THE MINISTER FOR Health James Reilly has recognised the need for a transparent, independent inquiry into the death of Savita Halappanavar at Galway University Hospital – but added that the process needed to be expedited in order to ensure no further risk is posed to women being treated at the facility.
Responding to questions put to him at the Joint Committee on Health and Children this evening, Reilly said that ‘justice not only needed to be done, but needed to be seen to be done’.
“This is a very difficult and traumatic time for the family of Savita Halappanavar and I know that it’s going to be very difficult for them in relation to whole procedure,” he said. However, he added that he had a “duty of care” to women across the country to expedite the process so that if any further risks at the hospital remain they can be addressed.
Earlier today, the HSE confirmed that three people from Galway University Hospital had been removed from the team investigating the death of Savita, who died of septicaemia several days after she presented at the hospital experiencing a miscarriage and was subsequently denied a medical abortion. The statement came after a lawyer for the Halappanavar family told RTÉ’s Today with Pat Kenny that Praveen had no faith in the process and would not cooperate with it.

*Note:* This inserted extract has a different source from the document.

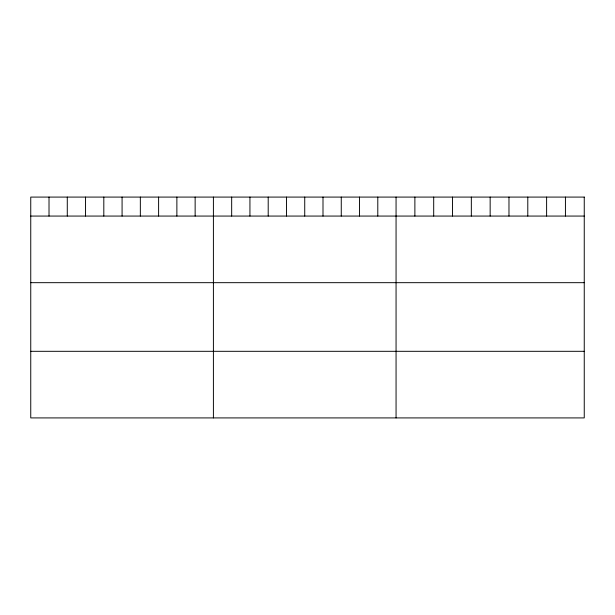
<?xml version="1.0" encoding="UTF-8"?>
<svg xmlns="http://www.w3.org/2000/svg" width="615" height="615" viewBox="0 0 615 615"><rect width="100%" height="100%" fill="white"/><g stroke="black" fill="none" stroke-linecap="round" stroke-linejoin="round"><path stroke-width="0.92" d="M30.75 216.065L584.25 216.065M30.75 282.677L584.25 282.677M30.75 351.311L584.25 351.311M565.431 197.084L565.431 216.065M546.612 197.084L546.612 216.065M527.793 197.084L527.793 216.065M508.974 197.084L508.974 216.065M490.155 197.084L490.155 216.065M471.336 197.084L471.336 216.065M452.517 197.084L452.517 216.065M433.698 197.084L433.698 216.065M414.879 197.084L414.879 216.065M396.06 197.084L396.06 417.916M377.795 197.084L377.795 216.065M359.529 197.084L359.529 216.065M341.264 197.084L341.264 216.065M322.998 197.084L322.998 216.065M304.733 197.084L304.733 216.065M286.467 197.084L286.467 216.065M268.202 197.084L268.202 216.065M249.936 197.084L249.936 216.065M231.671 197.084L231.671 216.065M213.405 197.084L213.405 417.916M195.14 197.084L195.14 216.065M176.874 197.084L176.874 216.065M158.608 197.084L158.608 216.065M140.343 197.084L140.343 216.065M122.078 197.084L122.078 216.065M103.812 197.084L103.812 216.065M85.547 197.084L85.547 216.065M67.281 197.084L67.281 216.065M49.016 197.084L49.016 216.065M584.25 197.084L30.75 197.084L30.75 417.916L584.25 417.916L584.25 197.084"/></g></svg>

Savita’s husband, Praveen, told The Irish Times yesterday that he was not satisfied with the presence of three Galway University Hospital (GUH) staff on the team investigating his wife’s death, and made it clear he wanted nothing less than an independent examination of the events surrounding her death at the facility.
Seamus Healy TD said the composition of the inquiry, and the manner in which it had been arranged, had compromised the investigation from the very beginning – adding that whoever had thought it appropriate to place three consultants from GUH on the inquiry panel “was not in touch with reality”.
Although Healy called for an independent public inquiry, the Health Minister indicated that this option would take “an awful lot longer” to complete. Reilly said it was “at the fore” of his conscience to ensure that other patients were not at risk.
Reilly said the inquiry needed to be carried out in a transparent fashion that could stand up to the scrutiny of Savita’s family, the Irish people, and the world.